▶ **Task requirements**:
In the answer, transcribe exactly the lines from the beginning of the material through the line holding "doc.linetypes.add(name, pattern=pattern)", and skip every picture.

#### Record set ####

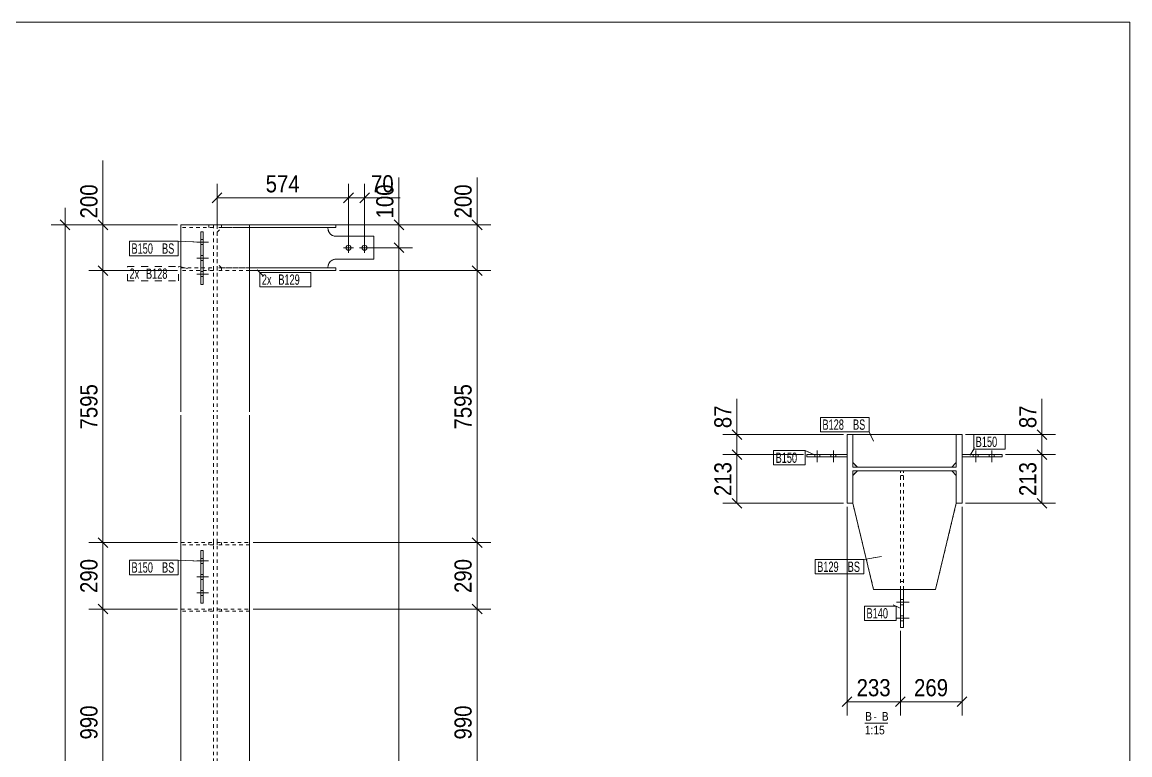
# Model space of a CAD drawing. Header units: inches. Extents: x 0 to 632, y -2591 to 0.
# Drawn here: x 264 to 586.5, y -653.4 to -440 of the extents above; entities that cross this region are included whole.
import ezdxf

# ---------------------------------------------------------------- set-up
doc = ezdxf.new("R2010")
doc.units = ezdxf.units.IN
doc.header["$MEASUREMENT"] = 0
for name, pattern in [('XKITLINE00', [0]), ('XKITLINE01', [4, 1, -1, 1, -1]), ('XKITLINE02', [4, 2, -2])]:
    doc.linetypes.add(name, pattern=pattern)
for name, color, linetype, lineweight in [('Bolt', 7, 'Continuous', 0), ('DrawingSheet', 5, 'Continuous', 0), ('OtherObjectType', 1, 'Continuous', 0), ('Part', 2, 'Continuous', 0), ('PartMark', 3, 'Continuous', 0), ('Z-DIMENSIONS', 1, 'Continuous', 0)]:
    doc.layers.add(name, color=color, linetype=linetype, lineweight=lineweight)
doc.styles.add('Arial Narrow', font='ARIAL.TTF')
doc.styles.add('romsim', font='ARIAL.TTF')

# ---------------------------------------------------------------- blocks, each defined once
blk = doc.blocks.new('A详图~262 (GZ2-1)')
at = {"layer": 'Bolt', "color": 2, "linetype": 'XKITLINE00', "lineweight": 0}
for p, q in [((317.38, 771.97), (320.72, 771.97)), ((317.38, 771.97), (320.72, 771.97)), ((318.52, 772.7), (319.18, 772.7)), ((318.52, 772.7), (319.18, 772.7)), ((318.52, 771.23), (319.18, 771.23)), ((318.52, 771.23), (319.18, 771.23)), ((361.52, 768.83), (361.52, 771.77)), ((366.18, 768.83), (366.18, 771.77)), ((318.52, 768.03), (319.18, 768.03)), ((318.52, 768.03), (319.18, 768.03)), ((362.98, 770.3), (360.05, 770.3)), ((367.65, 770.3), (364.72, 770.3)), ((317.38, 767.3), (320.72, 767.3)), ((317.38, 767.3), (320.72, 767.3)), ((318.52, 766.57), (319.18, 766.57)), ((318.52, 766.57), (319.18, 766.57)), ((317.38, 762.63), (320.72, 762.63)), ((317.38, 762.63), (320.72, 762.63)), ((318.52, 763.37), (319.18, 763.37)), ((318.52, 763.37), (319.18, 763.37)), ((318.52, 761.9), (319.18, 761.9)), ((318.52, 761.9), (319.18, 761.9)), ((497.27, 710.07), (497.27, 709.41)), ((497.27, 710.07), (497.27, 709.41)), ((497.27, 710.07), (497.27, 709.41)), ((498, 711.21), (498, 707.87)), ((498, 711.21), (498, 707.87)), ((498, 711.21), (498, 707.87)), ((498.74, 710.07), (498.74, 709.41)), ((498.74, 710.07), (498.74, 709.41)), ((498.74, 710.07), (498.74, 709.41)), ((501.94, 710.07), (501.94, 709.41)), ((501.94, 710.07), (501.94, 709.41)), ((501.94, 710.07), (501.94, 709.41)), ((502.67, 711.21), (502.67, 707.87)), ((502.67, 711.21), (502.67, 707.87)), ((502.67, 711.21), (502.67, 707.87)), ((503.4, 710.07), (503.4, 709.41)), ((503.4, 710.07), (503.4, 709.41)), ((503.4, 710.07), (503.4, 709.41)), ((543.4, 709.41), (543.4, 710.07)), ((543.4, 709.41), (543.4, 710.07)), ((543.4, 709.41), (543.4, 710.07)), ((544.14, 707.87), (544.14, 711.21)), ((544.14, 707.87), (544.14, 711.21)), ((544.14, 707.87), (544.14, 711.21)), ((544.87, 709.41), (544.87, 710.07)), ((544.87, 709.41), (544.87, 710.07)), ((544.87, 709.41), (544.87, 710.07)), ((548.07, 709.41), (548.07, 710.07)), ((548.07, 709.41), (548.07, 710.07)), ((548.07, 709.41), (548.07, 710.07)), ((548.8, 707.87), (548.8, 711.21)), ((548.8, 707.87), (548.8, 711.21)), ((548.8, 707.87), (548.8, 711.21)), ((549.54, 709.41), (549.54, 710.07)), ((549.54, 709.41), (549.54, 710.07)), ((549.54, 709.41), (549.54, 710.07)), ((317.38, 679.08), (320.72, 679.08)), ((317.38, 679.08), (320.72, 679.08)), ((318.52, 679.82), (319.18, 679.82)), ((318.52, 679.82), (319.18, 679.82)), ((318.52, 678.35), (319.18, 678.35)), ((318.52, 678.35), (319.18, 678.35)), ((317.38, 674.42), (320.72, 674.42)), ((317.38, 674.42), (320.72, 674.42)), ((318.52, 675.15), (319.18, 675.15)), ((318.52, 675.15), (319.18, 675.15)), ((318.52, 673.68), (319.18, 673.68)), ((318.52, 673.68), (319.18, 673.68)), ((317.38, 669.75), (320.72, 669.75)), ((317.38, 669.75), (320.72, 669.75)), ((318.52, 670.48), (319.18, 670.48)), ((318.52, 670.48), (319.18, 670.48)), ((318.52, 669.02), (319.18, 669.02)), ((318.52, 669.02), (319.18, 669.02)), ((523.14, 667.81), (522.2, 667.81)), ((524.77, 667.07), (521.1, 667.07)), ((523.14, 666.34), (522.2, 666.34)), ((524.77, 662.41), (521.1, 662.41)), ((523.14, 663.14), (522.2, 663.14)), ((523.14, 661.67), (522.2, 661.67))]:
    blk.add_line(p, q, dxfattribs=at)
at = {"layer": 'Bolt', "color": 2, "linetype": 'XKITLINE02', "lineweight": 0}
for p, q in [((320.72, 771.97), (317.38, 771.97)), ((320.72, 771.97), (317.38, 771.97)), ((319.18, 772.7), (318.52, 772.7)), ((319.18, 772.7), (318.52, 772.7)), ((319.18, 771.23), (318.52, 771.23)), ((319.18, 771.23), (318.52, 771.23)), ((319.18, 768.03), (318.52, 768.03)), ((319.18, 768.03), (318.52, 768.03)), ((320.72, 767.3), (317.38, 767.3)), ((320.72, 767.3), (317.38, 767.3)), ((319.18, 766.57), (318.52, 766.57)), ((319.18, 766.57), (318.52, 766.57)), ((320.72, 762.63), (317.38, 762.63)), ((320.72, 762.63), (317.38, 762.63)), ((319.18, 763.37), (318.52, 763.37)), ((319.18, 763.37), (318.52, 763.37)), ((319.18, 761.9), (318.52, 761.9)), ((319.18, 761.9), (318.52, 761.9)), ((320.72, 679.08), (317.38, 679.08)), ((320.72, 679.08), (317.38, 679.08)), ((319.18, 679.82), (318.52, 679.82)), ((319.18, 679.82), (318.52, 679.82)), ((319.18, 678.35), (318.52, 678.35)), ((319.18, 678.35), (318.52, 678.35)), ((320.72, 674.42), (317.38, 674.42)), ((320.72, 674.42), (317.38, 674.42)), ((319.18, 675.15), (318.52, 675.15)), ((319.18, 675.15), (318.52, 675.15)), ((319.18, 673.68), (318.52, 673.68)), ((319.18, 673.68), (318.52, 673.68)), ((320.72, 669.75), (317.38, 669.75)), ((320.72, 669.75), (317.38, 669.75)), ((319.18, 670.48), (318.52, 670.48)), ((319.18, 670.48), (318.52, 670.48)), ((319.18, 669.02), (318.52, 669.02)), ((319.18, 669.02), (318.52, 669.02))]:
    blk.add_line(p, q, dxfattribs=at)
at = {"layer": 'Bolt', "color": 2, "linetype": 'XKITLINE00', "lineweight": 0}
for centre in [(361.52, 770.3), (366.18, 770.3)]:
    blk.add_circle(centre, 0.733, dxfattribs=at)
at = {"layer": 'DrawingSheet', "color": 5, "linetype": 'XKITLINE00', "lineweight": 0}
for p, q in [((589, 836), (5, 836)), ((589, 5), (589, 836))]:
    blk.add_line(p, q, dxfattribs=at)
at = {"layer": 'OtherObjectType', "color": 6, "linetype": 'XKITLINE00', "lineweight": 0}
blk.add_line((511.86, 631.82), (518.53, 631.82), dxfattribs=at)
at = {"layer": 'Part', "color": 2, "linetype": 'XKITLINE00', "lineweight": 0}
for p, q in [((332.72, 776.97), (312.72, 776.97)), ((312.72, 776.97), (312.72, 722.52)), ((318.52, 774.97), (319.18, 774.97)), ((318.52, 759.63), (318.52, 774.97)), ((319.18, 774.97), (319.18, 759.63)), ((332.72, 776.97), (332.72, 722.52)), ((357.85, 776.97), (332.72, 776.97)), ((357.85, 776.17), (332.72, 776.17)), ((355.52, 776.17), (355.52, 775.97)), ((355.55, 775.6), (355.52, 775.97)), ((357.85, 776.97), (357.85, 776.17)), ((357.85, 773.63), (357.49, 773.66)), ((357.85, 773.63), (368.85, 773.63)), ((368.85, 773.63), (368.85, 766.97)), ((357.85, 764.43), (332.72, 764.43)), ((355.52, 764.63), (355.55, 765)), ((355.52, 764.63), (355.52, 764.43)), ((357.49, 766.94), (357.85, 766.97)), ((368.85, 766.97), (357.85, 766.97)), ((357.85, 764.43), (357.85, 763.63)), ((357.85, 763.63), (332.72, 763.63)), ((319.18, 759.63), (318.52, 759.63)), ((312.72, 721.52), (312.72, 541.97)), ((332.72, 721.52), (332.72, 541.97)), ((508.34, 715.87), (506.67, 715.87)), ((506.67, 715.87), (506.67, 695.87)), ((508.34, 706.41), (508.34, 715.87)), ((508.34, 715.87), (538.47, 715.87)), ((508.34, 707.74), (508.34, 715.87)), ((540.14, 715.87), (538.47, 715.87)), ((538.47, 715.87), (538.47, 706.41)), ((538.47, 715.87), (538.47, 707.74)), ((540.14, 695.87), (540.14, 715.87)), ((495, 710.07), (506.67, 710.07)), ((495, 709.41), (495, 710.07)), ((551.8, 710.07), (540.14, 710.07)), ((551.8, 709.41), (551.8, 710.07)), ((506.67, 709.41), (495, 709.41)), ((509.67, 706.41), (508.34, 707.74)), ((538.47, 706.41), (508.34, 706.41)), ((509.67, 706.41), (537.14, 706.41)), ((538.47, 707.74), (537.14, 706.41)), ((540.14, 709.41), (551.8, 709.41)), ((508.34, 695.87), (508.34, 705.34)), ((508.34, 705.34), (538.47, 705.34)), ((508.34, 704.01), (509.67, 705.34)), ((508.34, 695.87), (508.34, 704.01)), ((509.67, 705.34), (537.14, 705.34)), ((537.14, 705.34), (538.47, 704.01)), ((538.47, 705.34), (538.47, 695.87)), ((538.47, 704.01), (538.47, 695.87)), ((506.67, 695.87), (508.34, 695.87)), ((514.4, 670.74), (508.34, 695.87)), ((538.47, 695.87), (532.4, 670.74)), ((538.47, 695.87), (540.14, 695.87)), ((318.52, 682.08), (319.18, 682.08)), ((318.52, 666.75), (318.52, 682.08)), ((319.18, 682.08), (319.18, 666.75)), ((532.4, 670.74), (514.4, 670.74)), ((522.2, 659.74), (522.2, 670.74)), ((523.14, 659.74), (523.14, 670.74)), ((319.18, 666.75), (318.52, 666.75)), ((522.2, 659.74), (523.14, 659.74))]:
    blk.add_line(p, q, dxfattribs=at)
at = {"layer": 'Part', "color": 6, "linetype": 'XKITLINE01', "lineweight": 0}
for p, q in [((312.72, 776.17), (312.72, 776.97)), ((312.72, 776.97), (322.18, 776.97)), ((322.18, 776.17), (312.72, 776.17)), ((319.18, 774.97), (318.52, 774.97)), ((318.52, 774.97), (318.52, 759.63)), ((319.18, 759.63), (319.18, 774.97)), ((320.85, 776.97), (320.85, 776.17)), ((322.18, 776.97), (322.18, 722.52)), ((322.18, 776.97), (322.18, 776.17)), ((323.25, 776.97), (323.25, 722.52)), ((332.72, 776.97), (323.25, 776.97)), ((323.25, 776.97), (323.25, 776.17)), ((332.72, 776.17), (323.25, 776.17)), ((323.25, 774.83), (324.58, 776.17)), ((323.25, 765.77), (323.25, 774.83)), ((324.58, 776.97), (324.58, 776.17)), ((324.58, 776.17), (355.52, 776.17)), ((332.72, 776.97), (332.72, 776.17)), ((355.52, 775.97), (355.55, 775.6)), ((357.49, 773.66), (357.85, 773.63)), ((312.72, 763.63), (312.72, 764.43)), ((312.72, 764.43), (322.18, 764.43)), ((320.85, 764.43), (320.85, 763.63)), ((322.18, 764.43), (322.18, 763.63)), ((324.58, 764.43), (323.25, 765.77)), ((323.25, 764.43), (323.25, 763.63)), ((332.72, 764.43), (323.25, 764.43)), ((324.58, 764.43), (324.58, 763.63)), ((355.52, 764.43), (324.58, 764.43)), ((332.72, 764.43), (332.72, 763.63)), ((355.55, 765), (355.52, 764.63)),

####

▶ **Output**:
# Model space of a CAD drawing. Header units: inches. Extents: x 0 to 632, y -2591 to 0.
# Drawn here: x 264 to 586.5, y -653.4 to -440 of the extents above; entities that cross this region are included whole.
import ezdxf

# ---------------------------------------------------------------- set-up
doc = ezdxf.new("R2010")
doc.units = ezdxf.units.IN
doc.header["$MEASUREMENT"] = 0
for name, pattern in [('XKITLINE00', [0]), ('XKITLINE01', [4, 1, -1, 1, -1]), ('XKITLINE02', [4, 2, -2])]:
    doc.linetypes.add(name, pattern=pattern)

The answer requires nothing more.